Detailed Description of the Invention (Technical Field) The present invention enables multiple transfer by accurately setting the exposure position on a photoreceptor by stopping a color separation filter at a reference position and then displacing it according to the amount of correction. The present invention relates to a color recording device that prevents image shift.
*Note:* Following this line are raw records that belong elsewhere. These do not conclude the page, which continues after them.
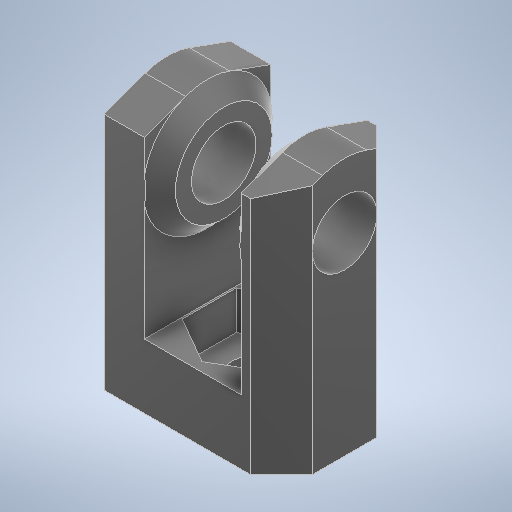
# Autodesk Inventor part: Tensioner
Saved by Autodesk Inventor 2026.2 (Build 302298000, 298)
## iProperties
Created: 2026-03-30
Part Number: Tensioner
Material: ABS Plastic
Document SubType Name: Modeling
Designer: gaoet
Density: 1.06 g/cm^3
Appearance: Smooth - Black
Author: gaoet
Autodesk Inventor part; units mm, degrees
ref_plane "YZ Plane" through (0, 0, 0) normal (1, 0, 0) x (0, 1, 0)
ref_plane "XZ Plane" through (0, 0, 0) normal (0, 1, 0) x (-1, 0, 0)
ref_plane "XY Plane" through (0, 0, 0) normal (0, 0, 1) x (1, 0, 0)
sketch "Sketch1" plane through (0, 0, 0) normal (0, 0, 1) x (1, 0, 0)
  line L0 (-5.5, -8) -> (5.5, -8)
  line L1 (5.5, -8) -> (5.5, 8)
  line L2 (5.5, 8) -> (-5.5, 8)
  line L3 (-5.5, 8) -> (-5.5, -8)
  line L4 (-5.5, -8) -> (5.5, 8) construction
  line L5 (5.5, -8) -> (-5.5, 8) construction
  line L6 (-3, 8) -> (3, 8)
  line L7 (3, 8) -> (3, -4)
  line L8 (3, -4) -> (-3, -4)
  line L9 (-3, -4) -> (-3, 8)
  point P0 (0, 0)
  dimension "d0" = 6
  dimension "d1" = 2.5
  dimension "d2" = 2.5
  dimension "d3" = 12
  dimension "d4" = 4
  constraints: 20 end point, 4 parallel, 2 horizontal, 2 midpoint, 2 perpendicular, 1 point on line
  measures "d0" distance of L7.end L8.end
  measures "d1" distance between parallel lines of L3 L9
  measures "d2" distance between parallel lines of L7 L1
  measures "d3" distance of L6.end L7.end
  measures "d4" distance between parallel lines of L0 L8
extrude "Extrusion1" add sketch "Sketch1" along normal blind 8 contours L3 L2 L9 L8 L7 L1 L0
sketch "Sketch2" plane through (-5.5, -8, 0) normal (-1, 0, 0) x (0, 0, 1)
  circle A0 centre (4, 12) radius 6.5
  line L0 (8, 16) -> (8, 0) projected
  line L1 (0, 16) -> (0, 0) projected
  line L2 (0, 4) -> (8, 4) projected
  line L3 (0, 16) -> (8, 16) projected
  point P0 (0, 8)
  dimension "d7" = 13
  dimension "d8" = 8
  dimension "d9" = 4
  dimension "d10" = 4
  constraints: 1 centre point
  measures "d7" diameter of A0
  measures "d8" distance between parallel lines of L0 L1
  measures "d9" distance from line of L1 A0.centre
  measures "d10" distance from line of L3 A0.centre
hole "Hole1" at (-5.5, 4, 4) direction (1, 0, 0) diameter 4 depth 50
sketch "Sketch3" plane through (-3, -4, 0) normal (0, 1, 0) x (1, 0, 0)
  line L0 (6, 0) -> (0, 0) projected
  line L1 (0, 0) -> (0, -8) projected
  line L2 (6, -8) -> (0, -8) projected
  line L3 (6, 0) -> (6, -8) projected
  line L4 (0.1, -2.3257) -> (3, -0.6514)
  line L5 (3, -0.6514) -> (5.9, -2.3257)
  line L6 (5.9, -2.3257) -> (5.9, -5.6743)
  line L7 (5.9, -5.6743) -> (3, -7.3486)
  line L8 (3, -7.3486) -> (0.1, -5.6743)
  line L9 (0.1, -5.6743) -> (0.1, -2.3257)
  point P0 (3, 0)
  point P1 (3, -4)
  point P2 (0, -5.4053)
  point P3 (4.4, -5.4053)
  point P4 (4.4, -1.5947)
  point P5 (0, -1.5947)
  dimension "d18" = 5.8
  dimension "d19" = 4
  dimension "d20" = 8
  dimension "d21" = 6
  dimension "d22" = 3
  constraints: 12 end point, 1 vertical, 13 other
  measures "d18" distance between parallel lines of L6 L9
  measures "d19" distance from line of L0 point (3, -4)
  measures "d20" distance between parallel lines of L2 L0
  measures "d21" distance of L0.start L0.end
  measures "d22" distance from line of L1 point (3, -4)
extrude "Extrusion2" cut sketch "Sketch3" against normal blind 2.4 contours L4 L5 L6 L7 L8 L9
sketch "Sketch4" plane through (-3, -4, 0) normal (1, 0, 0) x (0, 0, -1)
  circle A0 centre (-4, 8) radius 2 projected
  line L0 (0, 0) -> (0, 12) projected
  line L1 (0, 12) -> (-8, 12) projected
  line L2 (-8, 0) -> (-8, 12) projected
  line L3 (0, 0) -> (-8, 0) projected
  circle A1 centre (-4, 8) radius 4
  point P0 (0, 4)
  constraints: 1 centre point, 1 coincident, 1 tangent
extrude "Extrusion3" add sketch "Sketch4" along normal blind 1 contours A1
mirror "Mirror1" about plane through (0, 0, 0) normal (1, 0, 0) of "Extrusion3"
sketch "Sketch5" plane through (-5.5, -8, 0) normal (-1, 0, 0) x (0, 0, 1)
  arc A0 (0, 12) -> (8, 12) centre (4, 12) ccw projected
  circle A1 centre (4, 12) radius 2 projected
  line L0 (0, 16) -> (0, 0) projected
  line L1 (0, 0) -> (8, 0) projected
  line L2 (8, 16) -> (8, 0) projected
  line L3 (0, 16) -> (8, 16) projected
  circle A2 centre (4, 12) radius 4 projected
  circle A3 centre (4, 12) radius 2 projected
  point P0 (0, 8)
  point P1 (4, 16)
extrude "Extrusion4" cut sketch "Sketch5" against normal through all contours L0 L3 A2 | A2 L3 L2
sketch "Sketch7" plane through (-2, -4, 0) normal (1, 0, 0) x (0, 0, -1)
  circle A0 centre (-4, 8) radius 4 projected
  circle A1 centre (-4, 8) radius 2 projected
  line L0 (-5.3681, 4.2412) -> (-8, 5.1992)
  line L1 (-8, 5.1992) -> (-8, 8)
  point P0 (0, 4)
  dimension "d32" = 70
  constraints: 4 end point, 2 point on circle, 2 tangent, 1 vertical
  measures "d32" angle of L1 L0
extrude "Extrusion6" add sketch "Sketch7" against normal up to surface (1 mm away) contours A0 L0 L1
mirror "Mirror3" about plane through (0, 0, 0) normal (1, 0, 0) of "Extrusion6"
sketch "Sketch9" plane through (5.5, -8, 8) normal (1, 0, 0) x (0, 0, -1)
  arc A0 (8, 12) -> (0, 12) centre (4, 12) ccw projected
  line L0 (0, 0) -> (0, 12) projected
  line L1 (8, 0) -> (0, 0) projected
  line L2 (8, 0) -> (8, 12) projected
  circle A1 centre (4, 12) radius 2 projected
  line L3 (2.6319, 15.7588) -> (0, 14.8008)
  line L4 (0, 14.8008) -> (0, 12)
  arc A2 (8, 12) -> (0, 12) centre (4, 12) ccw projected
  line L5 (8, 12) -> (8, 14.8008)
  line L6 (8, 14.8008) -> (5.3681, 15.7588)
  point P0 (8, 8)
  point P1 (5.3681, 15.7588)
  dimension "d42" = 70
  constraints: 8 end point, 3 point on circle, 3 tangent, 2 vertical, 1 equal length
  measures "d42" angle of L4 L3
extrude "Extrusion7" add sketch "Sketch9" against normal up to surface (3.5 mm away) contours A0 L6 L5 | A0 L4 L3
mirror "Mirror4" about plane through (0, 0, 0) normal (1, 0, 0) of "Extrusion7"
sketch "Sketch10" plane through (-2, -4, 0) normal (1, 0, 0) x (0, 0, -1)
  arc A0 (-5.3681, 4.2412) -> (0, 8) centre (-4, 8) ccw projected
  line L0 (-5.3681, 11.7588) -> (-8, 10.8008) projected
  line L1 (-8, 10.8008) -> (-8, 5.1992) projected
  line L2 (-8, 5.1992) -> (-5.3681, 4.2412) projected
  circle A1 centre (-4, 8) radius 2 projected
  circle A2 centre (-4, 8) radius 3
  line L3 (0, 8) -> (0, 10.8008) projected
  line L4 (0, 10.8008) -> (-2.6319, 11.7588) projected
  arc A3 (-2.6319, 11.7588) -> (-5.3681, 11.7588) centre (-4, 8) ccw projected
  point P0 (0, 4)
  dimension "d45" = 1
  constraints: 1 centre point
  measures "d45" radial gap between concentric circles of A2 A1
extrude "Extrusion8" cut sketch "Sketch10" against normal up to surface (1 mm away) contours L2 L1 L0 A3 L4 L3 A0
mirror "Mirror5" about plane through (0, 0, 0) normal (1, 0, 0) of "Extrusion8"
chamfer "Chamfer2" distance 1 angle 45 2 edges at (3, 4, 7) (-3, 4, 7)
sketch "Sketch11" plane through (-5.5, -8, 0) normal (0, -1, 0) x (1, 0, 0)
  line L0 (0, 0) -> (11, 0) projected
  line L1 (11, 0) -> (11, 8) projected
  line L2 (0, 8) -> (11, 8) projected
  line L3 (0, 0) -> (0, 8) projected
  line L4 (11, 8) -> (0, 8)
  line L5 (0, 8) -> (0, 0)
  line L6 (0, 0) -> (11, 0)
  line L7 (11, 0) -> (11, 8)
  line L8 (11, 8) -> (0, 0) construction
  line L9 (0, 8) -> (11, 0) construction
  point P0 (5.5, 0)
  point P1 (5.5, 4)
  constraints: 12 end point, 2 collinear, 2 midpoint, 2 parallel, 1 horizontal, 1 perpendicular
hole "Hole3" at (0, -8, 4) direction (0, 1, 0) diameter 3 depth 50
chamfer "Chamfer3" distance 2 angle 45 2 edges at (5.5, -0.5996, 8) (5.5, -0.5996, 0)
sketch "Sketch12" plane through (-5.5, -8, 0) normal (0, -1, 0) x (1, 0, 0)
  line L0 (11, 2) -> (9, 0) projected
  line L1 (11, 2) -> (11, 6) projected
  line L2 (9, 8) -> (11, 6) projected
  line L3 (0, 8) -> (9, 8) projected
  line L4 (0, 0) -> (0, 8) projected
  line L5 (0, 0) -> (9, 0) projected
  circle A0 centre (5.5, 4) radius 1.5 projected
  line L6 (8.9669, 0.08) -> (10.92, 2.0331)
  line L7 (10.92, 2.0331) -> (10.92, 5.9669)
  line L8 (10.92, 5.9669) -> (8.9669, 7.92)
  line L9 (8.9669, 7.92) -> (0.08, 7.92)
  line L10 (0.08, 7.92) -> (0.08, 0.08)
  line L11 (0.08, 0.08) -> (8.9669, 0.08)
  line L12 (0.08, 0.08) -> (0, 0.08)
  line L13 (0.08, 7.92) -> (0, 7.92)
  line L14 (8.9669, 0.08) -> (9.08, 0.08)
  line L15 (8.9669, 7.92) -> (9.08, 7.92)
  point P0 (5.5, 0)
  dimension "d64" = 0.08
  constraints: 20 end point, 4 point on line, 2 horizontal, 1 parallel, 1 perpendicular, 5 other
  measures "d64" distance between parallel lines of L11 L5
extrude "Extrusion9" cut sketch "Sketch12" against normal through all contours L0 L5 L4 L12 L11 L14 | L15 L9 L13 L4 L3 L2
equation "\"d2\" = d1"
equation "\"d9\" = 0.5 * d8"
equation "\"d19\" = 0.5 * d20"
equation "\"d22\" = 0.5 * d21"
body "Solid1"
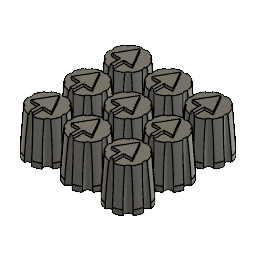
PotiKnobV3 (Autodesk Fusion 360 design; units mm, degrees)
Autodesk Fusion 360 part; units mm, degrees
sketch "Sketch1" plane through (0, 0, 0) normal (0, 1, 0) x (1, 0, 0)
  circle A0 centre (0, 0) radius 3.025
  circle A1 centre (0, 0) radius 7.5
  dimension "d1" = 6.05
  dimension "d2" = 15
  constraint coincident A0.centre A1.centre
  measures "d1" diameter of A0
  measures "d2" diameter of A1
extrude "Extrude1" add sketch "Sketch1" along normal blind 16 contours A0 | A1 makes body 1
extrude "Extrude2" cut sketch "Sketch1" along normal blind 12 contours A0 bodies 1
chamfer "Chamfer1" distance 1 distance2 3 1 edges at (-2.8203, 0, 1.0939) measured on face at (5.9804, 0, 0.3726) on bodies 1
sketch "Sketch2" plane through (0, 16, 0) normal (0, 1, 0) x (-1, 0, 0)
  circle A0 centre (0, 0) radius 7.5
  line L0 (0, 0) -> (0, -9.5957) construction
  circle A1 centre (0, -7.5) radius 1.3779
  circle A2 centre (5.3033, -5.3033) radius 1.3779
  circle A3 centre (7.5, 0) radius 1.3779
  circle A4 centre (5.3033, 5.3033) radius 1.3779
  circle A5 centre (0, 7.5) radius 1.3779
  circle A6 centre (-5.3033, 5.3033) radius 1.3779
  circle A7 centre (-7.5, 0) radius 1.3779
  circle A8 centre (-5.3033, -5.3033) radius 1.3779
  dimension "d10" = 360
  constraint coincident A0.centre L0.start
  constraint vertical L0
  constraint coincident L0 A1.centre
  constraint coincident A0 A1.centre
chamfer "Chamfer2" distance 1 distance2 14 1 edges at (-6.9925, 16, 2.7121) measured on face at (1.9158, 16, -2.8099) on bodies 1
extrude "Extrude3" cut sketch "Sketch2" against normal blind 17 contours A0 A3 | A0 A4 | A0 A2 | A0 A5 | A0 A1 | A0 A6 | A0 A8 | A0 A7 picked at (7.0559, -0.2871) picked at (4.9719, 4.9719) picked at (4.9719, -4.9719) picked at (0, 7.0313) picked at (0, -7.0313) picked at (-4.9932, 4.9519) picked at (-4.9932, -4.9519) picked at (-7.0313, 0) bodies 1
sketch "Sketch3" plane through (0, 16, 0) normal (0, 1, 0) x (-1, 0, 0)
  arc A0 (-3.9313, -5.1764) -> (-5.1764, -3.9313) centre (-5.3033, -5.3033) ccw
  arc A1 (-3.9313, -5.1764) -> (-0.8804, -6.4401) centre (0, 0) ccw
  arc A2 (0.8804, -6.4401) -> (-0.8804, -6.4401) centre (0, -7.5) ccw
  arc A3 (0.8804, -6.4401) -> (3.9313, -5.1764) centre (0, 0) ccw
  arc A4 (5.1764, -3.9313) -> (3.9313, -5.1764) centre (5.3033, -5.3033) ccw
  arc A5 (5.1764, -3.9313) -> (6.4401, -0.8804) centre (0, 0) ccw
  arc A6 (6.4401, 0.8804) -> (6.4401, -0.8804) centre (7.5, 0) ccw
  arc A7 (6.4401, 0.8804) -> (5.1764, 3.9313) centre (0, 0) ccw
  arc A8 (3.9313, 5.1764) -> (5.1764, 3.9313) centre (5.3033, 5.3033) ccw
  arc A9 (3.9313, 5.1764) -> (0.8804, 6.4401) centre (0, 0) ccw
  arc A10 (-0.8804, 6.4401) -> (0.8804, 6.4401) centre (0, 7.5) ccw
  arc A11 (-0.8804, 6.4401) -> (-3.9313, 5.1764) centre (0, 0) ccw
  arc A12 (-5.1764, 3.9313) -> (-3.9313, 5.1764) centre (-5.3033, 5.3033) ccw
  arc A13 (-5.1764, 3.9313) -> (-6.4401, 0.8804) centre (0, 0) ccw
  arc A14 (-6.4401, -0.8804) -> (-6.4401, 0.8804) centre (-7.5, 0) ccw
  arc A15 (-6.4401, -0.8804) -> (-5.1764, -3.9313) centre (0, 0) ccw
  line L0 (-4.0258, 2.3243) -> (0, -4.6486)
  line L1 (0, -4.6486) -> (4.0258, 2.3243)
  line L2 (4.0258, 2.3243) -> (-4.0258, 2.3243)
  line L3 (-0.6079, 6.7078) -> (0.6079, 6.7078)
  line L4 (0.6079, 6.7078) -> (0.6079, -6.7078)
  line L5 (0.6079, -6.7078) -> (-0.6079, -6.7078)
  line L6 (-0.6079, -6.7078) -> (-0.6079, 6.7078)
  line L7 (-0.6079, 6.7078) -> (0.6079, -6.7078) construction
  line L8 (0.6079, 6.7078) -> (-0.6079, -6.7078) construction
  constraint coincident A1.centre A3.centre
  constraint perpendicular L3 L4
  constraint parallel L3 L5
  constraint parallel L4 L6
  constraint horizontal L3
  constraint coincident L7 A1.centre
  constraint coincident L8 A1.centre
extrude "Extrude4" add sketch "Sketch3" along normal blind 1 contours L0 L1 L2 L4 L6 | L0 L2 L6 | L1 L2 L4 | A10 L2 L4 L6 bodies 1
pattern_linear "R-Pattern1" count 3 spacing 15.5 along (0, 0, 1) count 3 spacing 15.5 along (1, 0, 0) of bodies 1 makes body 2 at (3.0212, 9, 15.6508) makes body 3 at (3.0212, 9, 31.1508) makes body 4 at (18.5212, 9, 0.1508) makes body 5 at (18.5212, 9, 15.6508) makes body 6 at (18.5212, 9, 31.1508) makes body 7 at (34.0212, 9, 0.1508) makes body 8 at (34.0212, 9, 15.6508) makes body 9 at (34.0212, 9, 31.1508)
sketch "Sketch4" plane through (0, 0, 0) normal (0, 1, 0) x (1, 0, 0)
  line L0 (-12.5914, 11.0727) -> (43.6138, 11.0727)
  line L1 (43.6138, 11.0727) -> (43.6138, -43.6913)
  line L2 (43.6138, -43.6913) -> (-12.5914, -43.6913)
  line L3 (-12.5914, -43.6913) -> (-12.5914, 11.0727)
  constraint horizontal L0
  constraint vertical L1
  constraint horizontal L2
  constraint vertical L3
extrude "Extrude5" [suppressed]
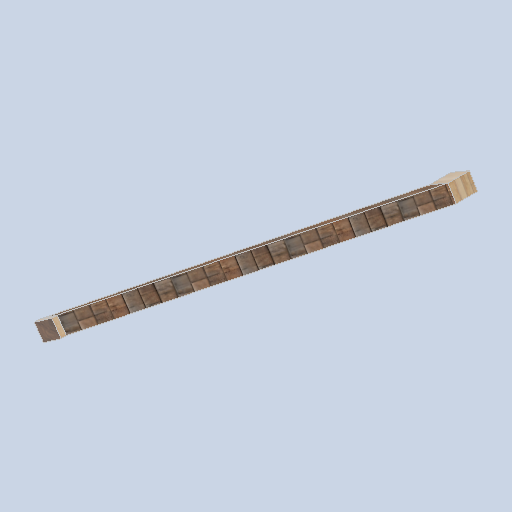
# Autodesk Inventor part: support_beam_0101
Saved by Autodesk Inventor 2024.2 (Build 282272000, 272)
## iProperties
Created: 2024-05-20
Part Number: support_beam_0101
Material: Wood (Maple)
Document SubType Name: Modeling
Designer: LOSTER_1
Density: 0.67 g/cm^3
Appearance: Natural Maple - Glossy Dark Tint
Author: LOSTER_1
Autodesk Inventor part; units mm, degrees
ref_plane "YZ Plane" through (0, 0, 0) normal (1, 0, 0) x (0, 1, 0)
ref_plane "XZ Plane" through (0, 0, 0) normal (0, 1, 0) x (-1, 0, 0)
sketch "Sketch5" plane through (0, 0, 0) normal (0, 0, 1) x (1, 0, 0)
  line L0 (801.8387, 505.4484) -> (975.0438, 605.4484)
  line L1 (975.0438, 605.4484) -> (1050.0438, 475.5446)
  line L2 (1050.0438, 475.5446) -> (876.8387, 375.5446)
  line L3 (876.8387, 375.5446) -> (801.8387, 505.4484)
  point P0 (0, 0)
  constraints: 8 end point
ref_plane "Work Plane6" through (0, 0, 3749) normal (0, 0, 1) x (1, 0, 0)
ref_plane "Work Plane5" through (0, 0, 0) normal (0, 0, 1) x (1, 0, 0)
sketch "Sketch6" plane through (0, 0, 3749) normal (0, 0, 1) x (1, 0, 0)
  line L0 (913.6134, 1349.7918) -> (1077.4438, 1464.5071) projected
  line L1 (1077.4438, 1464.5071) -> (1163.4803, 1341.6342) projected
  line L2 (999.6499, 1226.919) -> (913.6134, 1349.7918) projected
  line L3 (1163.4803, 1341.6342) -> (999.6499, 1226.919) projected
  point P0 (0, 0)
loft "Loft1" add profiles "Sketch6", "Sketch5"
sketch "Sketch7" plane through (0, 0, 0) normal (0, 0, 1) x (1, 0, 0)
  line L0 (975.0438, 605.4484) -> (1050.0438, 475.5446) projected
  line L1 (1050.0438, 475.5446) -> (876.8387, 375.5446) projected
  line L2 (801.8387, 505.4484) -> (975.0438, 605.4484) projected
  line L3 (876.8387, 375.5446) -> (801.8387, 505.4484) projected
  point P0 (0, 0)
extrude "Extrusion1" add sketch "Sketch7" against normal blind 200
sketch "Sketch8" plane through (913.6134, 1349.7918, 3749) normal (0, 0, 1) x (0.8192, 0.5736, 0)
  line L0 (0, 0) -> (200, 0) projected
  line L1 (0, -150) -> (0, 0) projected
  line L2 (200, -150) -> (0, -150) projected
  line L3 (200, 0) -> (200, -150) projected
  point P0 (-1522.5971, -581.6575)
extrude "Extrusion2" add sketch "Sketch8" along normal blind 50
body "Solid1"
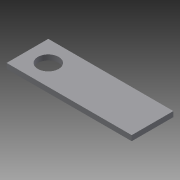
# Autodesk Inventor part: BarHolder
Saved by Autodesk Inventor 2013 (Build 170138000, 138)
## iProperties
Created: 2014-01-18
Part Number: BarHolder
Material: Generic
Document SubType Name: Modeling
Designer: 272817
Density: 1 g/cm^3
Author: 272817
Autodesk Inventor part; units mm, degrees
ref_plane "YZ Plane" through (0, 0, 0) normal (1, 0, 0) x (0, 1, 0)
ref_plane "XZ Plane" through (0, 0, 0) normal (0, 1, 0) x (-1, 0, 0)
ref_plane "XY Plane" through (0, 0, 0) normal (0, 0, 1) x (1, 0, 0)
sketch "Sketch1" plane through (0, 0, 0) normal (0, 1, 0) x (-1, 0, 0)
  line L0 (-76.2, -12.7) -> (76.2, -12.7)
  line L1 (76.2, -12.7) -> (76.2, 12.7)
  line L2 (76.2, 12.7) -> (-76.2, 12.7)
  line L3 (-76.2, 12.7) -> (-76.2, -12.7)
  line L4 (-76.2, -12.7) -> (76.2, 12.7) construction
  line L5 (76.2, -12.7) -> (-76.2, 12.7) construction
  line L6 (-76.2, 0) -> (-63.5, 0)
  line L7 (-76.2, 0) -> (-63.5, 0) construction
  line L8 (76.2, 0) -> (50.8, 0)
  line L9 (76.2, 0) -> (101.6, 0) construction
  line L10 (50.8, 0) -> (25.4, 0)
  circle A0 centre (-63.5, 0) radius 3.175
  circle A1 centre (25.4, 0) radius 3.175
  point P0 (0, 0)
  dimension "d0" = 152.4
  dimension "d1" = 25.4
  dimension "d2" = 12.7
  dimension "d3" = 0
  dimension "d4" = 25.4
  dimension "d5" = 180
  dimension "d6" = 25.4
  dimension "d7" = 6.35
  dimension "d8" = 6.35
  constraints: 22 end point, 4 coincident, 4 collinear, 4 midpoint, 3 horizontal, 2 centre point, 2 parallel, 2 perpendicular
  measures "d0" distance of L2.end L1.end
  measures "d1" distance of L1.end L0.end
  measures "d2" distance of L6.start L6.end
  measures "d3" distance between parallel lines of L6 L7
  measures "d4" distance of L8.start L8.end
  measures "d5" angle of L8 L9
  measures "d6" distance of L8.end L10.end
  measures "d7" diameter of A0
  measures "d8" diameter of A1
extrude "Extrusion1" add sketch "Sketch1" along normal blind 3.175
sketch "Sketch2" plane through (0, 3.175, 0) normal (0, 1, 0) x (1, 0, 0)
  circle A0 centre (-63.5, 0) radius 3.175
  point P0 (0, 0)
  dimension "d11" = 6.35
  constraints: 1 centre point
  measures "d11" diameter of A0
extrude "Extrusion2" cut sketch "Sketch2" against normal blind 25.4
sketch "Sketch3" plane through (0, 3.175, 0) normal (0, 1, 0) x (1, 0, 0)
  circle A0 centre (-63.5, 0) radius 3.175 projected
  circle A1 centre (-63.5, 0) radius 6.35
  point P0 (0, 0)
  dimension "d14" = 12.7
  constraints: 1 centre point, 1 coincident
  measures "d14" diameter of A1
extrude "Extrusion3" cut sketch "Sketch3" against normal blind 25.4
sketch "Sketch4" plane through (0, 3.175, 0) normal (0, 1, 0) x (1, 0, 0)
  circle A0 centre (63.5, 0) radius 3.175 projected
  line L0 (76.2, 12.7) -> (-76.2, 12.7) projected
  line L1 (-76.2, -12.7) -> (76.2, -12.7) projected
  line L2 (76.2, -12.7) -> (76.2, 12.7) projected
  line L3 (0, 12.7) -> (0, -12.7)
  point P0 (0, 0)
  constraints: 2 end point, 2 midpoint
extrude "Extrusion4" cut sketch "Sketch4" against normal blind 25.4
sketch "Sketch5" plane through (0, 3.175, 0) normal (0, 1, 0) x (1, 0, 0)
  circle A0 centre (-25.4, 0) radius 3.175 projected
  circle A1 centre (-25.4, 0) radius 3.175
  point P0 (0, 0)
  constraints: 1 centre point, 1 coincident, 1 concentric
extrude "Extrusion5" add sketch "Sketch5" against normal blind 3.175
body "Solid1"

(Prior Art) Conventional color copying machines, for example, scan the document surface multiple times (for example, three times corresponding to the three primary colors of red, green, and blue), perform the same number of charging steps, exposure steps, development steps, and so on. Some printers obtain a transferred image through a transfer process and then fix it to obtain a single color copy. This color copying machine is equipped with mechanical synchronization means such as a cam to synchronize the operations of the scanning system, photosensitive drum, and transfer drum, and this prevents overlapping deviations in multiple transferred images. I'm trying to prevent it from happening.

However, in conventional color copying machines, the scanning system, photosensitive drum, and transfer drum are synchronized using mechanical synchronization means such as cams, which makes the structure of the device itself complicated. As a result, it becomes difficult to maintain constant accuracy due to mechanical play and the like. Furthermore, since the scanning speed must be changed when changing the magnification, there is a problem that the apparatus becomes even more complicated and larger.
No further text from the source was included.